(Dataset items)
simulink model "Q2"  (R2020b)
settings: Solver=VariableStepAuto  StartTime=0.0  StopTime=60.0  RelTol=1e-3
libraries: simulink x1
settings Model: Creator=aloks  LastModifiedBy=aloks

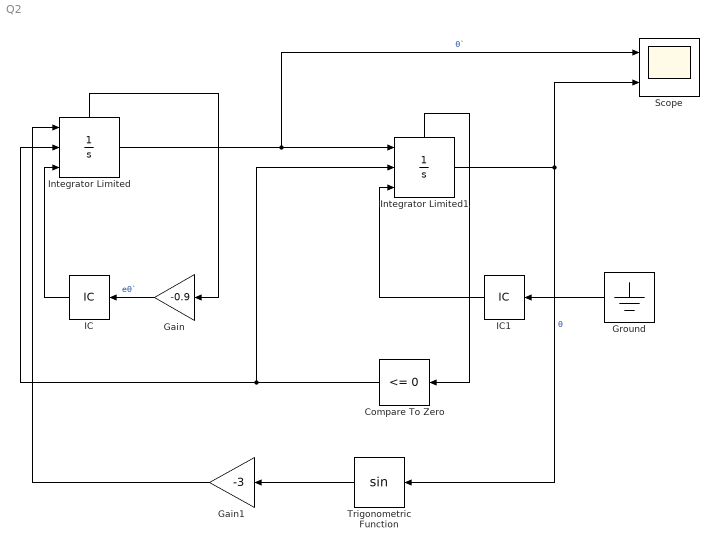
== system Q2 ==
  Compare To Zero : simulink/Logic and Bit Operations/Compare To Zero  relop=<=  OutDataTypeStr=boolean
  Gain : Gain  Gain=-0.9
  Gain1 : Gain  Gain=-3
  Ground : Ground
  IC : InitialCondition  Value=0
  IC1 : InitialCondition  Value=1.5707
  Integrator Limited : Integrator  ExternalReset=rising  InitialConditionSource=external  UpperSaturationLimit=100  LowerSaturationLimit=0  ShowStatePort=on
  Integrator Limited1 : Integrator  ExternalReset=rising  InitialConditionSource=external  LimitOutput=on  UpperSaturationLimit=100  LowerSaturationLimit=0  ShowStatePort=on
  Scope : Scope  NumInputPorts=2
  Trigonometric Function : Trigonometry
  wires:
  Integrator Limited/1 -> Scope/1, Integrator Limited1/1  "θ`"
  Integrator Limited1/1 -> Trigonometric Function/1, Scope/2  "θ"
  Integrator Limited/State -> Gain/1
  Gain/1 -> IC/1  "eθ`"
  IC/1 -> Integrator Limited/3
  Ground/1 -> IC1/1
  IC1/1 -> Integrator Limited1/3
  Integrator Limited1/State -> Compare To Zero/1
  Compare To Zero/1 -> Integrator Limited/2, Integrator Limited1/2
  Trigonometric Function/1 -> Gain1/1
  Gain1/1 -> Integrator Limited/1

Try it: Your answer should consist of the lines from the line with "Trigonometric Function : Trigonometry" through the last line of the data, set down exactly, both included.

The answer:
  Trigonometric Function : Trigonometry
  wires:
  Integrator Limited/1 -> Scope/1, Integrator Limited1/1  "θ`"
  Integrator Limited1/1 -> Trigonometric Function/1, Scope/2  "θ"
  Integrator Limited/State -> Gain/1
  Gain/1 -> IC/1  "eθ`"
  IC/1 -> Integrator Limited/3
  Ground/1 -> IC1/1
  IC1/1 -> Integrator Limited1/3
  Integrator Limited1/State -> Compare To Zero/1
  Compare To Zero/1 -> Integrator Limited/2, Integrator Limited1/2
  Trigonometric Function/1 -> Gain1/1
  Gain1/1 -> Integrator Limited/1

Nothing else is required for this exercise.